Copy every line from the records that holds the word "mechanical".

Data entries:
━━━

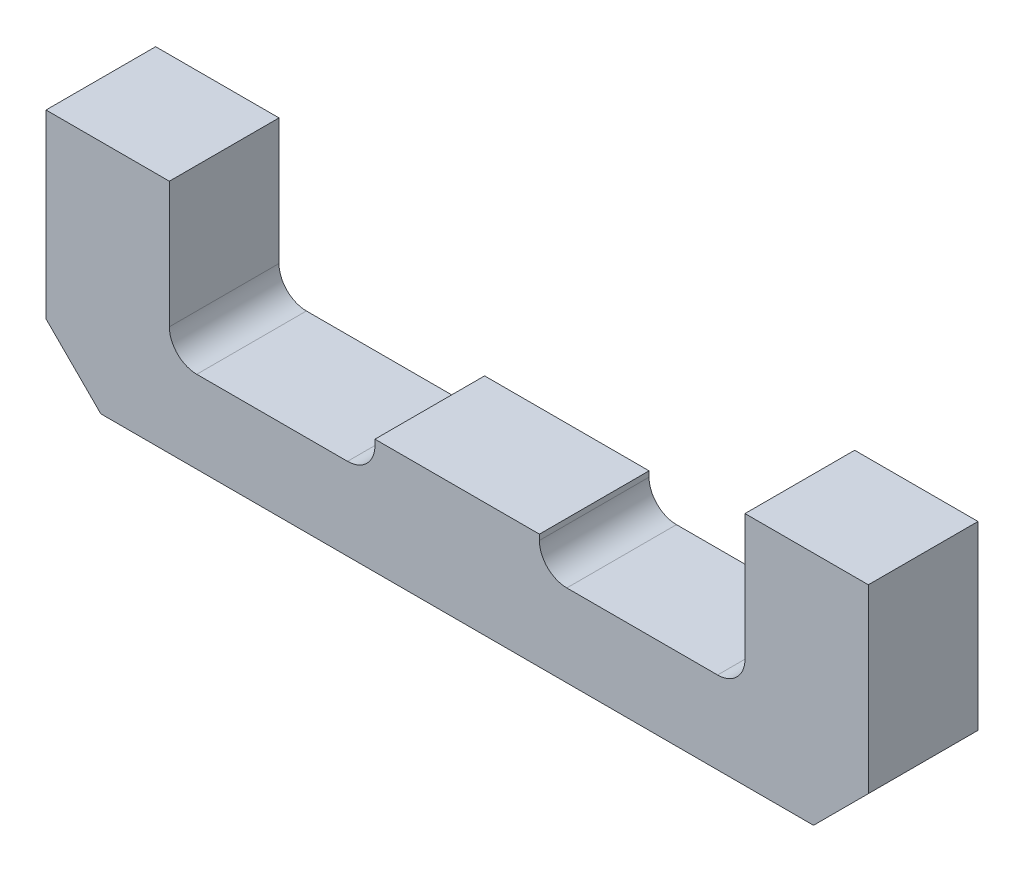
ISO-10303-21;
HEADER;
FILE_DESCRIPTION(('STEP AP214'),'2;1');
FILE_NAME('part.step','',(''),(''),'','','');
FILE_SCHEMA(('AUTOMOTIVE_DESIGN { 1 0 10303 214 1 1 1 1 }'));
ENDSEC;
DATA;
#1=APPLICATION_CONTEXT('core data for automotive mechanical design processes');
#2=APPLICATION_PROTOCOL_DEFINITION('international standard','automotive_design',2000,#1);
#3=PRODUCT_CONTEXT('',#1,'mechanical');
#4=PRODUCT('Part','Part','',(#3));
#5=PRODUCT_RELATED_PRODUCT_CATEGORY('part','',(#4));
#6=PRODUCT_DEFINITION_FORMATION('','',#4);
#7=PRODUCT_DEFINITION_CONTEXT('part definition',#1,'design');
#8=PRODUCT_DEFINITION('design','',#6,#7);
#9=PRODUCT_DEFINITION_SHAPE('','',#8);
#10=(LENGTH_UNIT() NAMED_UNIT(*) SI_UNIT(.MILLI.,.METRE.));
#11=(NAMED_UNIT(*) PLANE_ANGLE_UNIT() SI_UNIT($,.RADIAN.));
#12=(NAMED_UNIT(*) SI_UNIT($,.STERADIAN.) SOLID_ANGLE_UNIT());
#13=UNCERTAINTY_MEASURE_WITH_UNIT(LENGTH_MEASURE(1.E-05),#10,'distance_accuracy_value','');
#14=(GEOMETRIC_REPRESENTATION_CONTEXT(3) GLOBAL_UNCERTAINTY_ASSIGNED_CONTEXT((#13)) GLOBAL_UNIT_ASSIGNED_CONTEXT((#10,
#11,#12)) REPRESENTATION_CONTEXT('',''));
#15=CARTESIAN_POINT('',(0.,0.,0.));
#16=DIRECTION('',(0.,0.,1.));
#17=DIRECTION('',(1.,0.,0.));
#18=AXIS2_PLACEMENT_3D('',#15,#16,#17);
#19=CARTESIAN_POINT('',(-15.,-6.,20.));
#20=DIRECTION('',(1.,0.,0.));
#21=DIRECTION('',(0.,1.,0.));
#22=AXIS2_PLACEMENT_3D('',#19,#20,#21);
#23=PLANE('',#22);
#24=DIRECTION('',(0.,-1.,0.));
#25=VECTOR('',#24,1.);
#26=CARTESIAN_POINT('',(-15.,-6.,0.));
#27=LINE('',#26,#25);
#28=CARTESIAN_POINT('',(-15.,0.,0.));
#29=VERTEX_POINT('',#28);
#30=CARTESIAN_POINT('',(-15.,-0.999999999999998,0.));
#31=VERTEX_POINT('',#30);
#32=EDGE_CURVE('E288',#29,#31,#27,.T.);
#33=ORIENTED_EDGE('',*,*,#32,.T.);
#34=DIRECTION('',(0.,0.,-1.));
#35=VECTOR('',#34,1.);
#36=CARTESIAN_POINT('',(-15.,-0.999999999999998,20.));
#37=LINE('',#36,#35);
#38=CARTESIAN_POINT('',(-15.,-0.999999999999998,20.));
#39=VERTEX_POINT('',#38);
#40=EDGE_CURVE('E268',#31,#39,#37,.F.);
#41=ORIENTED_EDGE('',*,*,#40,.T.);
#42=DIRECTION('',(0.,-1.,0.));
#43=VECTOR('',#42,1.);
#44=CARTESIAN_POINT('',(-15.,-6.,20.));
#45=LINE('',#44,#43);
#46=CARTESIAN_POINT('',(-15.,0.,20.));
#47=VERTEX_POINT('',#46);
#48=EDGE_CURVE('E195',#47,#39,#45,.T.);
#49=ORIENTED_EDGE('',*,*,#48,.F.);
#50=DIRECTION('',(0.,0.,-1.));
#51=VECTOR('',#50,1.);
#52=CARTESIAN_POINT('',(-15.,0.,20.));
#53=LINE('',#52,#51);
#54=EDGE_CURVE('E223',#47,#29,#53,.T.);
#55=ORIENTED_EDGE('',*,*,#54,.T.);
#56=EDGE_LOOP('',(#33,#41,#49,#55));
#57=FACE_BOUND('',#56,.T.);
#58=ADVANCED_FACE('F27',(#57),#23,.F.);
#59=CARTESIAN_POINT('',(-52.5,-6.,20.));
#60=DIRECTION('',(0.,-1.,0.));
#61=DIRECTION('',(1.,0.,0.));
#62=AXIS2_PLACEMENT_3D('',#59,#60,#61);
#63=PLANE('',#62);
#64=DIRECTION('',(-1.,0.,0.));
#65=VECTOR('',#64,1.);
#66=CARTESIAN_POINT('',(-52.5,-6.,20.));
#67=LINE('',#66,#65);
#68=CARTESIAN_POINT('',(-20.,-6.,20.));
#69=VERTEX_POINT('',#68);
#70=CARTESIAN_POINT('',(-47.5,-6.,20.));
#71=VERTEX_POINT('',#70);
#72=EDGE_CURVE('E198',#69,#71,#67,.T.);
#73=ORIENTED_EDGE('',*,*,#72,.F.);
#74=DIRECTION('',(0.,0.,-1.));
#75=VECTOR('',#74,1.);
#76=CARTESIAN_POINT('',(-20.,-6.,0.));
#77=LINE('',#76,#75);
#78=CARTESIAN_POINT('',(-20.,-6.,0.));
#79=VERTEX_POINT('',#78);
#80=EDGE_CURVE('E265',#69,#79,#77,.T.);
#81=ORIENTED_EDGE('',*,*,#80,.T.);
#82=DIRECTION('',(-1.,0.,0.));
#83=VECTOR('',#82,1.);
#84=CARTESIAN_POINT('',(-52.5,-6.,0.));
#85=LINE('',#84,#83);
#86=CARTESIAN_POINT('',(-47.5,-6.,0.));
#87=VERTEX_POINT('',#86);
#88=EDGE_CURVE('E159',#79,#87,#85,.T.);
#89=ORIENTED_EDGE('',*,*,#88,.T.);
#90=DIRECTION('',(0.,0.,-1.));
#91=VECTOR('',#90,1.);
#92=CARTESIAN_POINT('',(-47.5,-6.,20.));
#93=LINE('',#92,#91);
#94=EDGE_CURVE('E263',#87,#71,#93,.F.);
#95=ORIENTED_EDGE('',*,*,#94,.T.);
#96=EDGE_LOOP('',(#73,#81,#89,#95));
#97=FACE_BOUND('',#96,.T.);
#98=ADVANCED_FACE('F286',(#97),#63,.F.);
#99=CARTESIAN_POINT('',(-52.5,22.,20.));
#100=DIRECTION('',(-1.,0.,0.));
#101=DIRECTION('',(0.,0.,1.));
#102=AXIS2_PLACEMENT_3D('',#99,#100,#101);
#103=PLANE('',#102);
#104=DIRECTION('',(0.,1.,0.));
#105=VECTOR('',#104,1.);
#106=CARTESIAN_POINT('',(-52.5,22.,20.));
#107=LINE('',#106,#105);
#108=CARTESIAN_POINT('',(-52.5,-0.99999999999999,20.));
#109=VERTEX_POINT('',#108);
#110=CARTESIAN_POINT('',(-52.5,22.,20.));
#111=VERTEX_POINT('',#110);
#112=EDGE_CURVE('E200',#109,#111,#107,.T.);
#113=ORIENTED_EDGE('',*,*,#112,.F.);
#114=DIRECTION('',(0.,0.,-1.));
#115=VECTOR('',#114,1.);
#116=CARTESIAN_POINT('',(-52.5,-0.999999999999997,0.));
#117=LINE('',#116,#115);
#118=CARTESIAN_POINT('',(-52.5,-0.99999999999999,0.));
#119=VERTEX_POINT('',#118);
#120=EDGE_CURVE('E155',#109,#119,#117,.T.);
#121=ORIENTED_EDGE('',*,*,#120,.T.);
#122=DIRECTION('',(0.,1.,0.));
#123=VECTOR('',#122,1.);
#124=CARTESIAN_POINT('',(-52.5,22.,0.));
#125=LINE('',#124,#123);
#126=CARTESIAN_POINT('',(-52.5,22.,0.));
#127=VERTEX_POINT('',#126);
#128=EDGE_CURVE('E150',#119,#127,#125,.T.);
#129=ORIENTED_EDGE('',*,*,#128,.T.);
#130=DIRECTION('',(0.,0.,-1.));
#131=VECTOR('',#130,1.);
#132=CARTESIAN_POINT('',(-52.5,22.,20.));
#133=LINE('',#132,#131);
#134=EDGE_CURVE('E153',#111,#127,#133,.T.);
#135=ORIENTED_EDGE('',*,*,#134,.F.);
#136=EDGE_LOOP('',(#113,#121,#129,#135));
#137=FACE_BOUND('',#136,.T.);
#138=ADVANCED_FACE('F152',(#137),#103,.F.);
#139=CARTESIAN_POINT('',(-75.,22.,20.));
#140=DIRECTION('',(0.,-1.,0.));
#141=DIRECTION('',(1.,0.,0.));
#142=AXIS2_PLACEMENT_3D('',#139,#140,#141);
#143=PLANE('',#142);
#144=DIRECTION('',(-1.,0.,0.));
#145=VECTOR('',#144,1.);
#146=CARTESIAN_POINT('',(-75.,22.,0.));
#147=LINE('',#146,#145);
#148=CARTESIAN_POINT('',(-75.,22.,0.));
#149=VERTEX_POINT('',#148);
#150=EDGE_CURVE('E158',#127,#149,#147,.T.);
#151=ORIENTED_EDGE('',*,*,#150,.T.);
#152=DIRECTION('',(0.,0.,-1.));
#153=VECTOR('',#152,1.);
#154=CARTESIAN_POINT('',(-75.,22.,20.));
#155=LINE('',#154,#153);
#156=CARTESIAN_POINT('',(-75.,22.,20.));
#157=VERTEX_POINT('',#156);
#158=EDGE_CURVE('E167',#157,#149,#155,.T.);
#159=ORIENTED_EDGE('',*,*,#158,.F.);
#160=DIRECTION('',(-1.,0.,0.));
#161=VECTOR('',#160,1.);
#162=CARTESIAN_POINT('',(-75.,22.,20.));
#163=LINE('',#162,#161);
#164=EDGE_CURVE('E165',#111,#157,#163,.T.);
#165=ORIENTED_EDGE('',*,*,#164,.F.);
#166=ORIENTED_EDGE('',*,*,#134,.T.);
#167=EDGE_LOOP('',(#151,#159,#165,#166));
#168=FACE_BOUND('',#167,.T.);
#169=ADVANCED_FACE('F162',(#168),#143,.F.);
#170=CARTESIAN_POINT('',(-75.,-21.,20.));
#171=DIRECTION('',(1.,0.,0.));
#172=DIRECTION('',(0.,0.,-1.));
#173=AXIS2_PLACEMENT_3D('',#170,#171,#172);
#174=PLANE('',#173);
#175=DIRECTION('',(0.,-1.,0.));
#176=VECTOR('',#175,1.);
#177=CARTESIAN_POINT('',(-75.,-21.,0.));
#178=LINE('',#177,#176);
#179=CARTESIAN_POINT('',(-75.,-11.,0.));
#180=VERTEX_POINT('',#179);
#181=EDGE_CURVE('E173',#149,#180,#178,.T.);
#182=ORIENTED_EDGE('',*,*,#181,.T.);
#183=DIRECTION('',(0.,0.,1.));
#184=VECTOR('',#183,1.);
#185=CARTESIAN_POINT('',(-75.,-11.,20.));
#186=LINE('',#185,#184);
#187=CARTESIAN_POINT('',(-75.,-11.,20.));
#188=VERTEX_POINT('',#187);
#189=EDGE_CURVE('E251',#180,#188,#186,.T.);
#190=ORIENTED_EDGE('',*,*,#189,.T.);
#191=DIRECTION('',(0.,-1.,0.));
#192=VECTOR('',#191,1.);
#193=CARTESIAN_POINT('',(-75.,-21.,20.));
#194=LINE('',#193,#192);
#195=EDGE_CURVE('E203',#157,#188,#194,.T.);
#196=ORIENTED_EDGE('',*,*,#195,.F.);
#197=ORIENTED_EDGE('',*,*,#158,.T.);
#198=EDGE_LOOP('',(#182,#190,#196,#197));
#199=FACE_BOUND('',#198,.T.);
#200=ADVANCED_FACE('F364',(#199),#174,.F.);
#201=CARTESIAN_POINT('',(75.,-21.,20.));
#202=DIRECTION('',(0.,1.,0.));
#203=DIRECTION('',(0.,0.,1.));
#204=AXIS2_PLACEMENT_3D('',#201,#202,#203);
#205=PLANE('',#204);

━━━

Answer to this exercise:
#1=APPLICATION_CONTEXT('core data for automotive mechanical design processes');
#3=PRODUCT_CONTEXT('',#1,'mechanical');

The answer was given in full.